Vitamin A Deficiency

Vitamin A deficiency is rare, but the disease that results is known as xerophthalmia.

Other signs of possible vitamin A deficiency include decreased resistance to infections, faulty tooth development, and slower bone growth.

Vitamin A toxicity The Tolerable Upper Intake Level (UL) for adults is 3,000 mcg RAE.

VITAMIN D

Vitamin D plays a critical role in the body’s use of calcium and phosphorous. It works by increasing the amount of calcium absorbed from the small intestine, helping to form and maintain bones.

Vitamin D benefits the body by playing a role in immunity and controlling cell growth. Children especially need adequate amounts of vitamin D to develop strong bones and healthy teeth.

RDA  From 12 months to age fifty, the RDA is set at 15 mcg.

20 mcg of cholecalciferol equals 800 International Units (IU), which is the recommendation for maintenance of healthy bone for adults over fifty.

Vitamin D Deficiency

Symptoms of vitamin D deficiency in growing children include rickets (long, soft bowed legs) and flattening of the back of the skull. Vitamin D deficiency in adults may result in osteomalacia (muscle and bone weakness), and osteoporosis (loss of bone mass).

Vitamin D toxicity

The Tolerable Upper Intake Level (UL) for vitamin D is set at 100 mcg for people 9 years of age and older. High doses of vitamin D supplements coupled with large amounts of fortified foods may cause accumulations in the liver and produce signs of poisoning.

VITAMIN E: TOCOPHEROL

Vitamin E benefits the body by acting as an antioxidant, and protecting vitamins A and C, red blood cells, and essential fatty acids from destruction.
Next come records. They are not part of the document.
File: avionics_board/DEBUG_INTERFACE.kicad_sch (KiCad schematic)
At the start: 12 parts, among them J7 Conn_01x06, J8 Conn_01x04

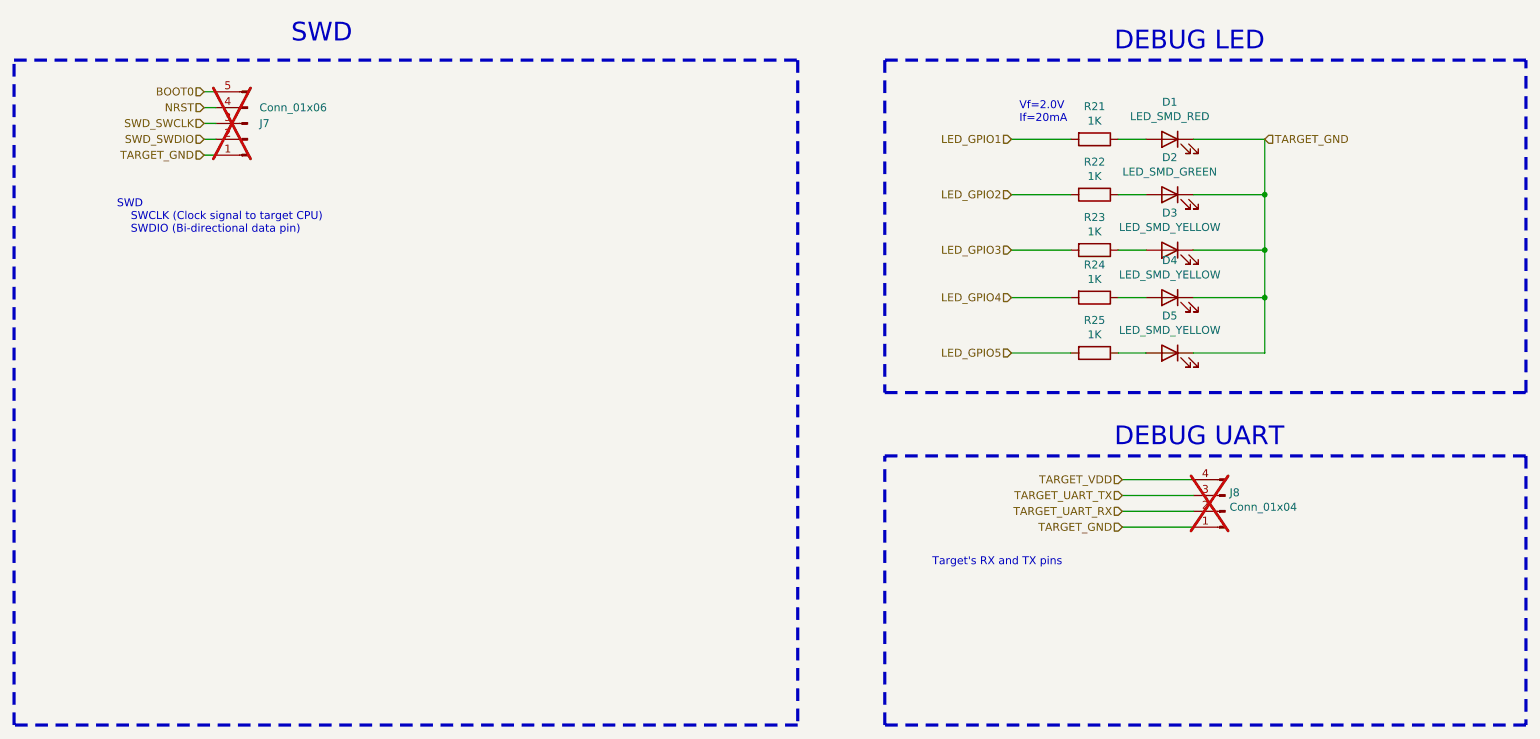
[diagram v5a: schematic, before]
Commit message: clenup BOM for SCI and AUX
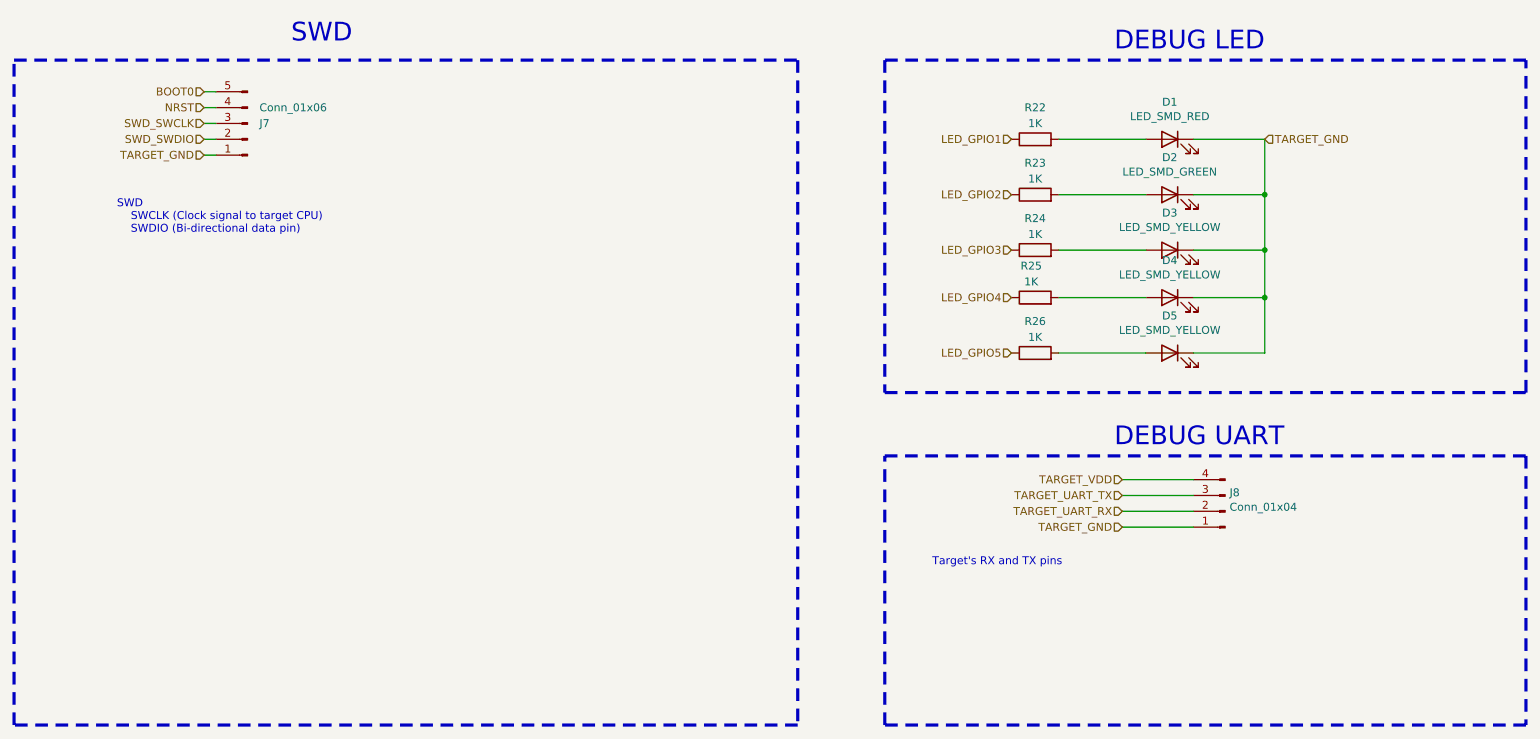
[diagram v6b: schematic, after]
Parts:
- removed R21: 1K, Resistor_SMD:R_0402_1005Metric_Pad0.72x0.64mm_HandSolder, symbol Device:R
- added R26: 1K, Resistor_SMD:R_0402_1005Metric_Pad0.72x0.64mm_HandSolder, symbol Device:R
- J7, J8: Manufacturer (none) -> generic; Part Number (none) -> generic; now fitted
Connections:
- net LED_GPIO1: now also R22.1
- net LED_GPIO2: now also R23.1; no longer R22.2
- net LED_GPIO3: now also R24.1; no longer R23.2
- net LED_GPIO4: now also R25.1; no longer R24.2
- net LED_GPIO5: now also R26.1; no longer R25.2
- net at D1.2 (A): now also R22.2
- net at D4.2 (A): now also R25.2; no longer R24.1
- net at D2.2 (A): now also R23.2; no longer R22.1
- net at D3.2 (A): now also R24.2; no longer R23.1
- net at D5.2 (A): now also R26.2; no longer R25.1
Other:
- note removed: "Vf=2.0V If=20mA"

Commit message: cleaning up bom: remove main camera port since it has not pullups and capacitors, correcting some errors in camera switch
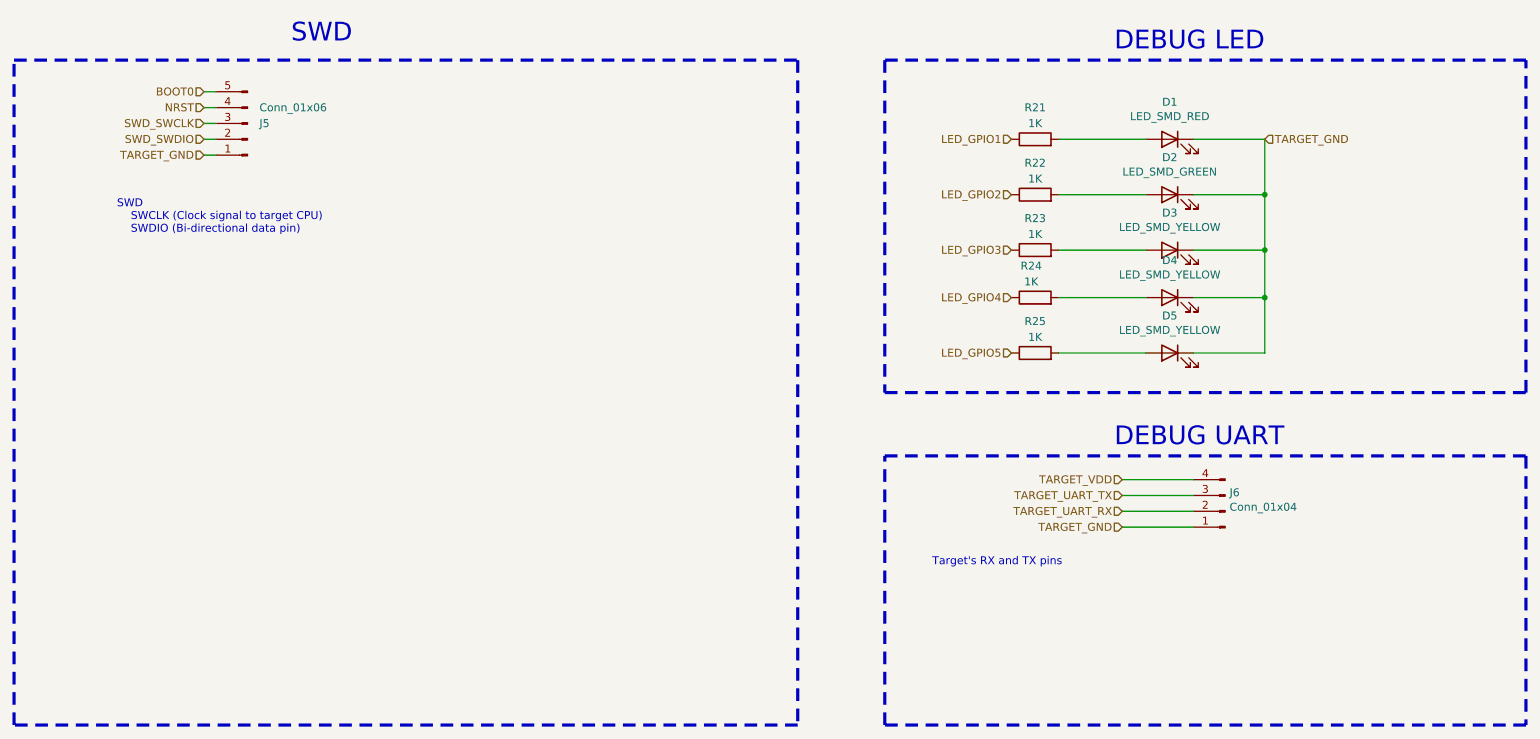
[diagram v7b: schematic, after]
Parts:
- renumbered J7 to J5, J8 to J6, R22 to R21, R23 to R22, R24 to R23, R25 to R24, R26 to R25
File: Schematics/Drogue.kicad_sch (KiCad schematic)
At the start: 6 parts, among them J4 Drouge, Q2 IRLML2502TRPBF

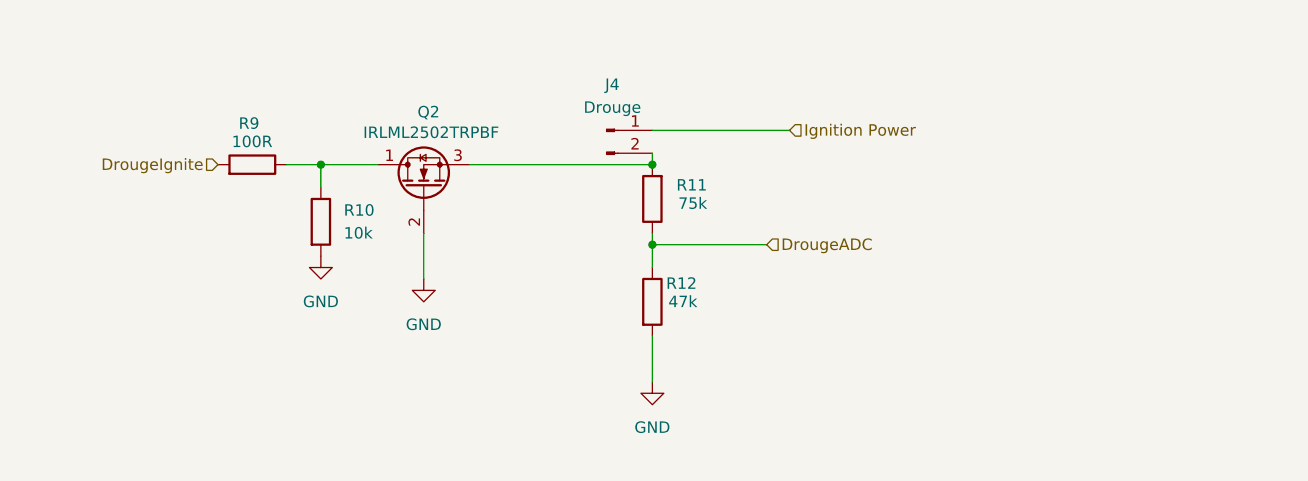
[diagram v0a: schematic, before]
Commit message: layout completed added testpoints and verified mosfet ect
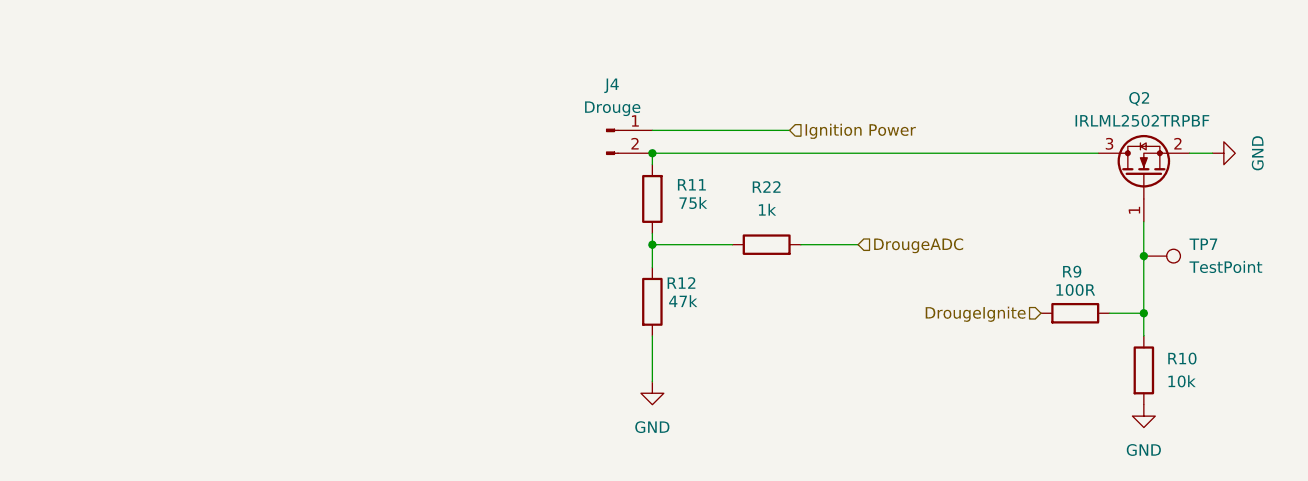
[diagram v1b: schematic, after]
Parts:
- added R22: 1k, Resistor_SMD:R_0805_2012Metric_Pad1.20x1.40mm_HandSolder, symbol Device:R
- added TP7: TestPoint, TestPoint:TestPoint_Pad_1.5x1.5mm, symbol Connector:TestPoint
- Q2: symbol Transistor_FET:Q_NMOS_DGS -> Transistor_FET:Q_NMOS_GSD
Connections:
- net DrougeADC: now also R22.2; no longer R11.1, R12.1
- net at Q2.1 (G), R10.1, R9.1: now also TP7.1
- new net: R11.1, R12.1, R22.1
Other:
- moved on the sheet: Q2, R10, R9

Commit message: added comments, awaiting review
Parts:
- R22: LCSC (none) -> C95781
- TP7: now left out of the parts list
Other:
- note added: "Continuity detection with adc resistors to protect adc pins"
- note added: "Low-Side Mosfet Switch for pulling igniton to ground"
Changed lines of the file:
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@@
 	(generator_version "9.0")
 	(paper "A4")
+	(text "Continuity detection with adc resistors to protect adc pins"
+		(exclude_from_sim no)
+		(at 98.298 91.44 0)
+		(effects
+			(font
+				(size 1.27 1.27)
+			)
+		)
+	)
+	(text "Low-Side Mosfet Switch for pulling igniton to ground"
+		(exclude_from_sim no)
+		(at 156.972 64.008 0)
+		(effects
+			(font
+				(size 1.27 1.27)
+			)
+		)
+	)
 	(junction
 		(at 187.96 95.25)
@@
 		(unit 1)
 		(exclude_from_sim no)
-		(in_bom yes)
+		(in_bom no)
 		(on_board yes)
 		(dnp no)
@@
 			(effects
 				(font
+					(size 1.27 1.27)
+				)
+				(hide yes)
+			)
+		)
+		(property "LCSC" "C95781"
+			(at 146.05 87.63 90)
+			(effects
+				(font

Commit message: updated to KiCad 10.0, updated .gitignore
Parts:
- R10: LCSC C84376 -> C17414
- R12: LCSC C2933415 -> C17713
- R22: LCSC C95781 -> C17513
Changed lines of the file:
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@@
 			)
 		)
-		(property "LCSC" "C84376"
+		(property "LCSC" "C17414"
 			(at 187.96 101.6 0)
 			(effects
@@
 			)
 		)
-		(property "LCSC" "C2933415"
+		(property "LCSC" "C17713"
 			(at 133.35 93.98 0)
 			(effects
@@
 			)
 		)
-		(property "LCSC" "C95781"
+		(property "LCSC" "C17513"
 			(at 146.05 87.63 90)
 			(effects

RDA  One milligram of alpha-tocopherol equals to 1.5 International Units (IU). RDA guidelines state that males and females over the age of 14 should receive 15 mcg of alpha-tocopherol per day.

Vitamin E Deficiency Vitamin E deficiency is rare. Cases of vitamin E deficiency usually only occur in premature infants and in those unable to absorb fats.

VITAMIN K

Vitamin K is naturally produced by the bacteria in the intestines, and plays an essential role in normal blood clotting, promoting bone health, and helping to produce proteins for blood, bones, and kidneys.

RDA

Males and females age 14 - 18: 75 mcg/day; Males and females age 19 and older: 90 mcg/day

Vitamin K Deficiency

Hemorrhage can occur due to sufficient amounts of vitamin K.

Vitamin K deficiency may appear in infants or in people who take anticoagulants, such as Coumadin (warfarin), or antibiotic drugs.

Newborn babies lack the intestinal bacteria to produce vitamin K and need a supplement for the first week.